## Exercise brief
Retype, word for word, every line from the one holding "for centre in" through the one holding "msp.add_circle(centre, 2.38)" in the entries below, both included, and only those lines.

## Dataset excerpts
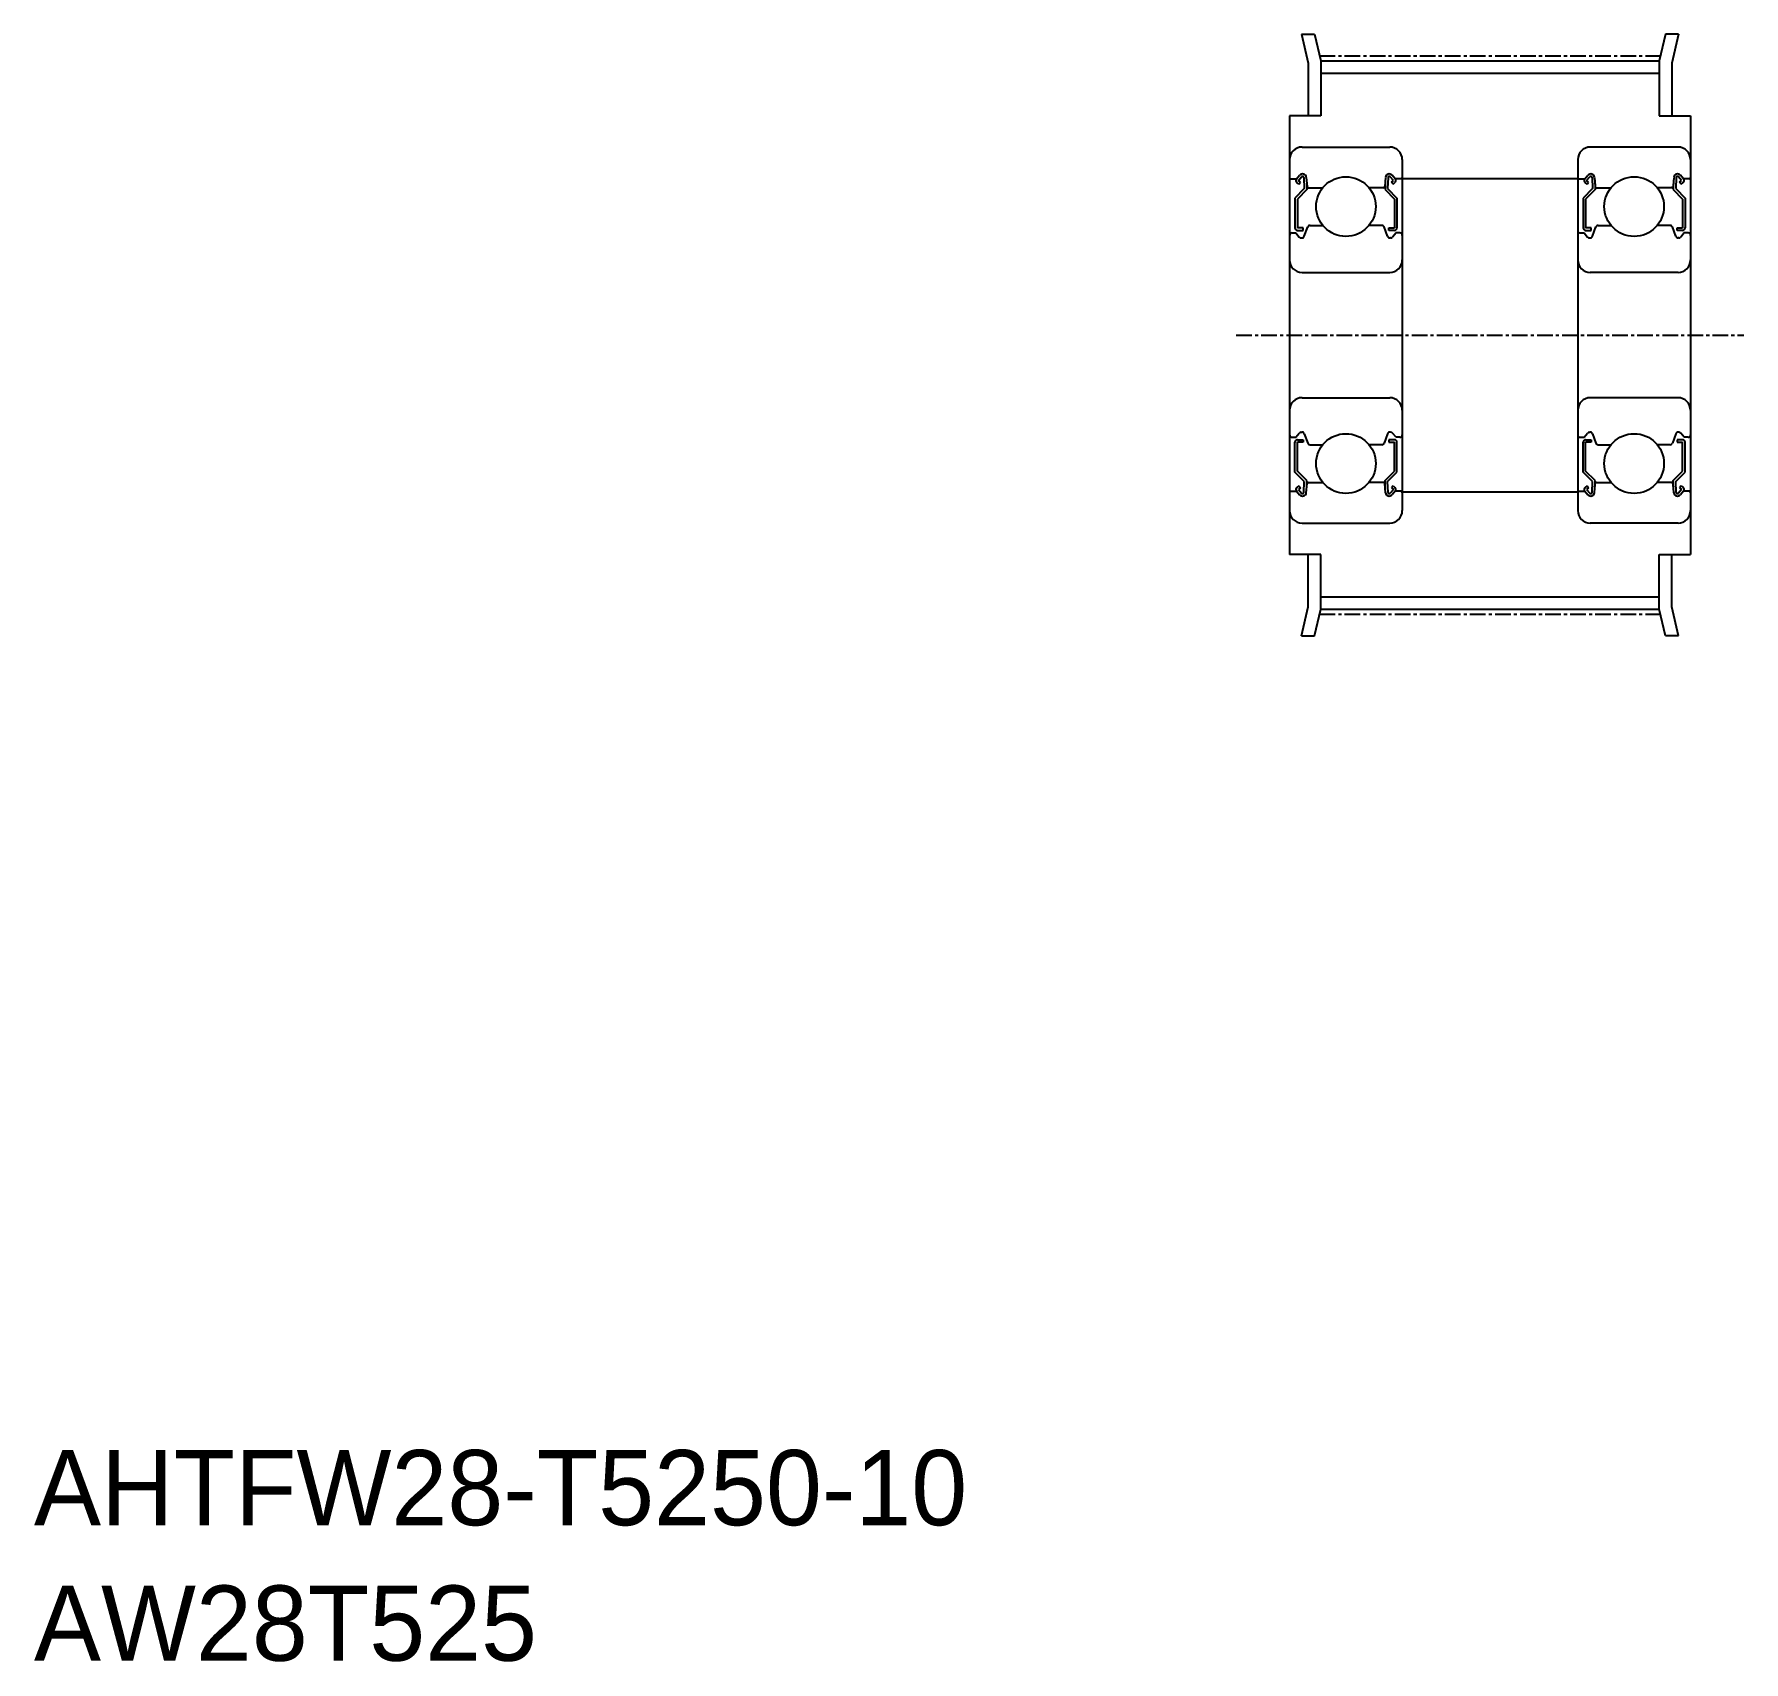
# Model space of a CAD drawing. Extents: x -286 to -150, y -61 to 69.
import ezdxf

# ---------------------------------------------------------------- set-up
doc = ezdxf.new("R2010")
doc.units = 0
doc.linetypes.add('CENTER', pattern=[2, 1.25, -0.25, 0.25, -0.25])
doc.layers.get('0').update_dxf_attribs({"linetype": 'CONTINUOUS'})
doc.layers.add('CENTER', color=1, linetype='CENTER')

msp = doc.modelspace()

# ---------------------------------------------------------------- linework, layer by layer
for p, q in [((-184.85, 68.95), (-184.31, 66.63)), ((-184.85, 68.95), (-183.82, 68.95)), ((-183.82, 68.95), (-183.31, 66.83)), ((-155.8, 68.95), (-156.31, 66.83)), ((-154.77, 68.95), (-155.8, 68.95)), ((-154.77, 68.95), (-155.31, 66.63)), ((-184.31, 66.63), (-184.31, 62.45)), ((-183.31, 66.83), (-156.31, 66.83)), ((-183.31, 66.83), (-183.31, 62.45)), ((-183.31, 65.83), (-156.31, 65.83)), ((-156.31, 66.83), (-156.31, 62.45)), ((-155.31, 66.63), (-155.31, 62.45)), ((-185.81, 62.45), (-185.81, 27.45)), ((-185.81, 62.45), (-185.81, 34.95)), ((-183.31, 62.45), (-185.81, 62.45)), ((-156.31, 62.45), (-153.81, 62.45)), ((-153.81, 62.45), (-153.81, 27.45)), ((-153.81, 62.45), (-153.81, 34.95)), ((-185.81, 58.95), (-185.81, 30.95)), ((-185.81, 58.95), (-185.81, 30.95)), ((-184.81, 59.95), (-177.81, 59.95)), ((-176.81, 58.95), (-176.81, 30.95)), ((-162.81, 58.95), (-162.81, 30.95)), ((-154.81, 59.95), (-161.81, 59.95)), ((-153.81, 58.95), (-153.81, 30.95)), ((-153.81, 58.95), (-153.81, 30.95)), ((-185.71, 57.4), (-185.25, 57.4)), ((-185.25, 57.4), (-185, 57.7)), ((-185.1, 57.27), (-184.85, 57.57)), ((-184.67, 57.51), (-184.63, 56.63)), ((-184.47, 57.53), (-184.41, 56.79)), ((-178.15, 57.53), (-178.21, 56.79)), ((-177.95, 57.51), (-177.99, 56.63)), ((-177.52, 57.27), (-177.77, 57.57)), ((-177.37, 57.4), (-177.62, 57.7)), ((-176.91, 57.4), (-177.37, 57.4)), ((-176.81, 57.45), (-162.81, 57.45)), ((-162.71, 57.4), (-162.25, 57.4)), ((-162.25, 57.4), (-162, 57.7)), ((-162.1, 57.27), (-161.85, 57.57)), ((-161.67, 57.51), (-161.63, 56.63)), ((-161.47, 57.53), (-161.41, 56.79)), ((-155.15, 57.53), (-155.21, 56.79)), ((-154.95, 57.51), (-154.99, 56.63)), ((-154.52, 57.27), (-154.77, 57.57)), ((-154.37, 57.4), (-154.62, 57.7)), ((-153.91, 57.4), (-154.37, 57.4)), ((-184.63, 56.63), (-185.38, 55.88)), ((-185.07, 56.99), (-185.23, 57.12)), ((-184.43, 56.55), (-185.18, 55.8)), ((-184.94, 57.14), (-185.1, 57.27)), ((-185.07, 56.99), (-184.94, 57.14)), ((-184.43, 57.02), (-184.43, 56.55)), ((-184.31, 56.7), (-183.16, 56.7)), ((-178.31, 56.7), (-179.46, 56.7)), ((-178.19, 57.02), (-178.19, 56.55)), ((-178.19, 56.55), (-177.44, 55.8)), ((-177.99, 56.63), (-177.24, 55.88)), ((-177.68, 57.14), (-177.52, 57.27)), ((-177.55, 56.99), (-177.68, 57.14)), ((-177.55, 56.99), (-177.4, 57.12)), ((-161.63, 56.63), (-162.38, 55.88)), ((-162.07, 56.99), (-162.23, 57.12)), ((-161.43, 56.55), (-162.18, 55.8)), ((-161.94, 57.14), (-162.1, 57.27)), ((-162.07, 56.99), (-161.94, 57.14)), ((-161.43, 57.02), (-161.43, 56.55)), ((-161.31, 56.7), (-160.16, 56.7)), ((-155.31, 56.7), (-156.46, 56.7)), ((-155.19, 57.02), (-155.19, 56.55)), ((-155.19, 56.55), (-154.44, 55.8)), ((-154.99, 56.63), (-154.24, 55.88)), ((-154.68, 57.14), (-154.52, 57.27)), ((-154.55, 56.99), (-154.68, 57.14)), ((-154.55, 56.99), (-154.4, 57.12)), ((-185.38, 55.88), (-185.38, 53.5)), ((-185.18, 55.8), (-185.18, 53.5)), ((-177.44, 55.8), (-177.44, 53.5)), ((-177.24, 55.88), (-177.24, 53.5)), ((-162.38, 55.88), (-162.38, 53.5)), ((-162.18, 55.8), (-162.18, 53.5)), ((-154.44, 55.8), (-154.44, 53.5)), ((-154.24, 55.88), (-154.24, 53.5)), ((-184.73, 53.5), (-185.18, 53.5)), ((-185.18, 53.3), (-184.73, 53.3)), ((-184.73, 53.3), (-184.73, 53.5)), ((-184.63, 52.83), (-184.36, 53.57)), ((-184.17, 53.7), (-183.16, 53.7)), ((-178.45, 53.7), (-179.46, 53.7)), ((-177.99, 52.83), (-178.26, 53.57)), ((-177.89, 53.5), (-177.44, 53.5)), ((-177.89, 53.3), (-177.89, 53.5)), ((-177.44, 53.3), (-177.89, 53.3)), ((-161.73, 53.5), (-162.18, 53.5)), ((-162.18, 53.3), (-161.73, 53.3)), ((-161.73, 53.3), (-161.73, 53.5)), ((-161.63, 52.83), (-161.36, 53.57)), ((-161.17, 53.7), (-160.16, 53.7)), ((-155.45, 53.7), (-156.46, 53.7)), ((-154.99, 52.83), (-155.26, 53.57)), ((-154.89, 53.5), (-154.44, 53.5)), ((-154.89, 53.3), (-154.89, 53.5)), ((-154.44, 53.3), (-154.89, 53.3)), ((-185.61, 53.1), (-185.31, 53.1)), ((-185.31, 53.1), (-185.03, 52.77)), ((-184.88, 52.7), (-184.82, 52.7)), ((-177.74, 52.7), (-177.8, 52.7)), ((-177.31, 53.1), (-177.59, 52.77)), ((-177.01, 53.1), (-177.31, 53.1)), ((-162.61, 53.1), (-162.31, 53.1)), ((-162.31, 53.1), (-162.03, 52.77)), ((-161.88, 52.7), (-161.82, 52.7)), ((-154.74, 52.7), (-154.8, 52.7)), ((-154.31, 53.1), (-154.59, 52.77)), ((-154.01, 53.1), (-154.31, 53.1)), ((-184.81, 49.95), (-177.81, 49.95)), ((-154.81, 49.95), (-161.81, 49.95)), ((-184.81, 39.95), (-177.81, 39.95)), ((-154.81, 39.95), (-161.81, 39.95)), ((-185.31, 36.8), (-185.03, 37.13)), ((-184.88, 37.2), (-184.82, 37.2)), ((-184.63, 37.07), (-184.36, 36.33)), ((-177.99, 37.07), (-178.26, 36.33)), ((-177.74, 37.2), (-177.8, 37.2)), ((-177.31, 36.8), (-177.59, 37.13)), ((-162.31, 36.8), (-162.03, 37.13)), ((-161.88, 37.2), (-161.82, 37.2)), ((-161.63, 37.07), (-161.36, 36.33)), ((-154.99, 37.07), (-155.26, 36.33)), ((-154.74, 37.2), (-154.8, 37.2)), ((-154.31, 36.8), (-154.59, 37.13)), ((-185.61, 36.8), (-185.31, 36.8)), ((-185.38, 34.02), (-185.38, 36.4)), ((-185.18, 36.6), (-184.73, 36.6)), ((-185.18, 34.1), (-185.18, 36.4)), ((-184.73, 36.4), (-185.18, 36.4)), ((-184.73, 36.6), (-184.73, 36.4)), ((-184.17, 36.2), (-183.16, 36.2)), ((-178.45, 36.2), (-179.46, 36.2)), ((-177.44, 36.6), (-177.89, 36.6)), ((-177.89, 36.6), (-177.89, 36.4)), ((-177.89, 36.4), (-177.44, 36.4)), ((-177.44, 34.1), (-177.44, 36.4)), ((-177.01, 36.8), (-177.31, 36.8)), ((-177.24, 34.02), (-177.24, 36.4)), ((-162.61, 36.8), (-162.31, 36.8)), ((-162.38, 34.02), (-162.38, 36.4)), ((-162.18, 36.6), (-161.73, 36.6)), ((-162.18, 34.1), (-162.18, 36.4)), ((-161.73, 36.4), (-162.18, 36.4)), ((-161.73, 36.6), (-161.73, 36.4)), ((-161.17, 36.2), (-160.16, 36.2)), ((-155.45, 36.2), (-156.46, 36.2)), ((-154.44, 36.6), (-154.89, 36.6)), ((-154.89, 36.6), (-154.89, 36.4)), ((-154.89, 36.4), (-154.44, 36.4)), ((-154.44, 34.1), (-154.44, 36.4)), ((-154.01, 36.8), (-154.31, 36.8)), ((-154.24, 34.02), (-154.24, 36.4)), ((-184.63, 33.27), (-185.38, 34.02)), ((-185.07, 32.91), (-185.23, 32.78)), ((-184.43, 33.35), (-185.18, 34.1)), ((-184.94, 32.76), (-185.1, 32.63)), ((-185.07, 32.91), (-184.94, 32.76)), ((-184.67, 32.39), (-184.63, 33.27)), ((-184.47, 32.37), (-184.41, 33.11)), ((-184.43, 32.88), (-184.43, 33.35)), ((-184.31, 33.2), (-183.16, 33.2)), ((-184.02, 33.2), (-184.02, 33.2)), ((-183.73, 33.2), (-183.73, 33.2)), ((-178.31, 33.2), (-179.46, 33.2)), ((-178.15, 32.37), (-178.21, 33.11)), ((-178.19, 33.35), (-177.44, 34.1)), ((-178.19, 32.88), (-178.19, 33.35)), ((-177.99, 33.27), (-177.24, 34.02)), ((-177.95, 32.39), (-177.99, 33.27)), ((-177.55, 32.91), (-177.68, 32.76)), ((-177.68, 32.76), (-177.52, 32.63)), ((-177.55, 32.91), (-177.4, 32.78)), ((-161.63, 33.27), (-162.38, 34.02)), ((-162.07, 32.91), (-162.23, 32.78)), ((-161.43, 33.35), (-162.18, 34.1)), ((-161.94, 32.76), (-162.1, 32.63)), ((-162.07, 32.91), (-161.94, 32.76)), ((-161.67, 32.39), (-161.63, 33.27)), ((-161.47, 32.37), (-161.41, 33.11)), ((-161.43, 32.88), (-161.43, 33.35)), ((-161.31, 33.2), (-160.16, 33.2)), ((-155.31, 33.2), (-156.46, 33.2)), ((-155.89, 33.2), (-155.89, 33.2)), ((-155.6, 33.2), (-155.6, 33.2)), ((-155.15, 32.37), (-155.21, 33.11)), ((-155.19, 33.35), (-154.44, 34.1)), ((-155.19, 32.88), (-155.19, 33.35)), ((-154.99, 33.27), (-154.24, 34.02)), ((-154.95, 32.39), (-154.99, 33.27)), ((-154.55, 32.91), (-154.68, 32.76)), ((-154.68, 32.76), (-154.52, 32.63)), ((-154.55, 32.91), (-154.4, 32.78)), ((-185.71, 32.5), (-185.25, 32.5)), ((-185.25, 32.5), (-185, 32.2)), ((-185.1, 32.63), (-184.85, 32.33)), ((-177.52, 32.63), (-177.77, 32.33)), ((-177.37, 32.5), (-177.62, 32.2)), ((-176.91, 32.5), (-177.37, 32.5)), ((-176.81, 32.45), (-162.81, 32.45)), ((-162.71, 32.5), (-162.25, 32.5)), ((-162.25, 32.5), (-162, 32.2)), ((-162.1, 32.63), (-161.85, 32.33)), ((-154.52, 32.63), (-154.77, 32.33)), ((-154.37, 32.5), (-154.62, 32.2)), ((-153.91, 32.5), (-154.37, 32.5)), ((-184.81, 29.95), (-177.81, 29.95)), ((-154.81, 29.95), (-161.81, 29.95)), ((-183.31, 27.45), (-185.81, 27.45)), ((-184.31, 23.27), (-184.31, 27.45)), ((-183.31, 23.08), (-183.31, 27.45)), ((-156.31, 23.08), (-156.31, 27.45)), ((-156.31, 27.45), (-153.81, 27.45)), ((-155.31, 23.27), (-155.31, 27.45)), ((-184.85, 20.95), (-184.31, 23.27)), ((-183.31, 24.07), (-156.31, 24.07)), ((-154.77, 20.95), (-155.31, 23.27)), ((-183.82, 20.95), (-183.31, 23.08)), ((-183.31, 23.08), (-156.31, 23.08)), ((-155.8, 20.95), (-156.31, 23.08)), ((-184.85, 20.95), (-183.82, 20.95)), ((-154.77, 20.95), (-155.8, 20.95))]:
    msp.add_line(p, q)
for centre in [(-181.31, 55.2), (-158.31, 55.2), (-181.31, 34.7), (-158.31, 34.7)]:
    msp.add_circle(centre, 2.38)
for centre, radius, start, end in [((-184.81, 58.95), 1, 90, 180), ((-177.81, 58.95), 1, 0, 90), ((-161.81, 58.95), 1, 90, 180), ((-154.81, 58.95), 1, 0, 90), ((-185.71, 57.5), 0.1, 180, 270), ((-185.1, 57.27), 0.2, 140.0029, 230.087), ((-184.77, 57.51), 0.3, 4.9968, 140.0029), ((-184.77, 57.51), 0.1, 2.8198, 140.0022), ((-177.85, 57.51), 0.3, 39.9971, 175.0032), ((-177.85, 57.51), 0.1, 39.9978, 177.1802), ((-177.52, 57.27), 0.2, 309.913, 39.9971), ((-176.91, 57.5), 0.1, 270, 0), ((-162.71, 57.5), 0.1, 180, 270), ((-162.1, 57.27), 0.2, 140.0029, 230.087), ((-161.77, 57.51), 0.3, 4.9968, 140.0029), ((-161.77, 57.51), 0.1, 2.8198, 140.0022), ((-154.85, 57.51), 0.3, 39.9971, 175.0032), ((-154.85, 57.51), 0.1, 39.9978, 177.1802), ((-154.52, 57.27), 0.2, 309.913, 39.9971), ((-153.91, 57.5), 0.1, 270, 0), ((-184.31, 56.8), 0.1, 184.9968, 269.9995), ((-178.31, 56.8), 0.1, 270.0005, 355.0032), ((-161.31, 56.8), 0.1, 184.9968, 269.9995), ((-155.31, 56.8), 0.1, 270.0005, 355.0032), ((-185.18, 53.5), 0.2, 180, 270), ((-184.17, 53.5), 0.2, 90, 159.9914), ((-178.45, 53.5), 0.2, 20.0086, 90), ((-177.44, 53.5), 0.2, 270, 0), ((-162.18, 53.5), 0.2, 180, 270), ((-161.17, 53.5), 0.2, 90, 159.9914), ((-155.45, 53.5), 0.2, 20.0086, 90), ((-154.44, 53.5), 0.2, 270, 0), ((-185.61, 52.9), 0.2, 90, 180), ((-184.88, 52.9), 0.2, 219.995, 270), ((-184.82, 52.9), 0.2, 270, 339.9914), ((-177.8, 52.9), 0.2, 200.0086, 270), ((-177.74, 52.9), 0.2, 270, 320.005), ((-177.01, 52.9), 0.2, 0, 90), ((-162.61, 52.9), 0.2, 90, 180), ((-161.88, 52.9), 0.2, 219.995, 270), ((-161.82, 52.9), 0.2, 270, 339.9914), ((-154.8, 52.9), 0.2, 200.0086, 270), ((-154.74, 52.9), 0.2, 270, 320.005), ((-154.01, 52.9), 0.2, 0, 90), ((-184.81, 50.95), 1, 180, 270), ((-177.81, 50.95), 1, 270, 0), ((-161.81, 50.95), 1, 180, 270), ((-154.81, 50.95), 1, 270, 0), ((-184.81, 38.95), 1, 90, 180), ((-177.81, 38.95), 1, 0, 90), ((-161.81, 38.95), 1, 90, 180), ((-154.81, 38.95), 1, 0, 90), ((-185.61, 37), 0.2, 180, 270), ((-184.88, 37), 0.2, 90, 140.005), ((-184.82, 37), 0.2, 20.0086, 90), ((-177.8, 37), 0.2, 90, 159.9914), ((-177.74, 37), 0.2, 39.995, 90), ((-177.01, 37), 0.2, 270, 0), ((-162.61, 37), 0.2, 180, 270), ((-161.88, 37), 0.2, 90, 140.005), ((-161.82, 37), 0.2, 20.0086, 90), ((-154.8, 37), 0.2, 90, 159.9914), ((-154.74, 37), 0.2, 39.995, 90), ((-154.01, 37), 0.2, 270, 0), ((-185.18, 36.4), 0.2, 90, 180), ((-184.17, 36.4), 0.2, 200.0086, 270), ((-178.45, 36.4), 0.2, 270, 339.9914), ((-177.44, 36.4), 0.2, 0, 90), ((-162.18, 36.4), 0.2, 90, 180), ((-161.17, 36.4), 0.2, 200.0086, 270), ((-155.45, 36.4), 0.2, 270, 339.9914), ((-154.44, 36.4), 0.2, 0, 90), ((-185.1, 32.63), 0.2, 129.913, 219.9971), ((-184.31, 33.1), 0.1, 90.0005, 175.0032), ((-178.31, 33.1), 0.1, 4.9968, 89.9995), ((-177.52, 32.63), 0.2, 320.0029, 50.087), ((-162.1, 32.63), 0.2, 129.913, 219.9971), ((-161.31, 33.1), 0.1, 90.0005, 175.0032), ((-155.31, 33.1), 0.1, 4.9968, 89.9995), ((-154.52, 32.63), 0.2, 320.0029, 50.087), ((-185.71, 32.4), 0.1, 90, 180), ((-184.77, 32.4), 0.3, 219.9971, 355.0032), ((-184.77, 32.4), 0.1, 219.9978, 357.1802), ((-177.85, 32.4), 0.3, 184.9968, 320.0029), ((-177.85, 32.4), 0.1, 182.8198, 320.0022), ((-176.91, 32.4), 0.1, 0, 90), ((-162.71, 32.4), 0.1, 90, 180), ((-161.77, 32.4), 0.3, 219.9971, 355.0032), ((-161.77, 32.4), 0.1, 219.9978, 357.1802), ((-154.85, 32.4), 0.3, 184.9968, 320.0029), ((-154.85, 32.4), 0.1, 182.8198, 320.0022), ((-153.91, 32.4), 0.1, 0, 90), ((-184.81, 30.95), 1, 180, 270), ((-177.81, 30.95), 1, 270, 0), ((-161.81, 30.95), 1, 180, 270), ((-154.81, 30.95), 1, 270, 0)]:
    msp.add_arc(centre, radius, start, end)
at = {"layer": 'CENTER', "color": 1, "linetype": 'CENTER'}
for p, q in [((-183.41, 67.23), (-156.21, 67.23)), ((-190.06, 44.95), (-149.56, 44.95)), ((-183.41, 22.67), (-156.21, 22.67))]:
    msp.add_line(p, q, dxfattribs=at)

# ---------------------------------------------------------------- texts
at = {"color": 7, "linetype": 'CONTINUOUS'}
for s, p in [('AHTFW28-T5250-10', (-285.99, -50)), ('AW28T525', (-285.99, -60.81))]:
    msp.add_text(s, height=6, dxfattribs=at).set_placement(p)

doc.saveas('drawing.dxf')

## Result for this task
for centre in [(-181.31, 55.2), (-158.31, 55.2), (-181.31, 34.7), (-158.31, 34.7)]:
    msp.add_circle(centre, 2.38)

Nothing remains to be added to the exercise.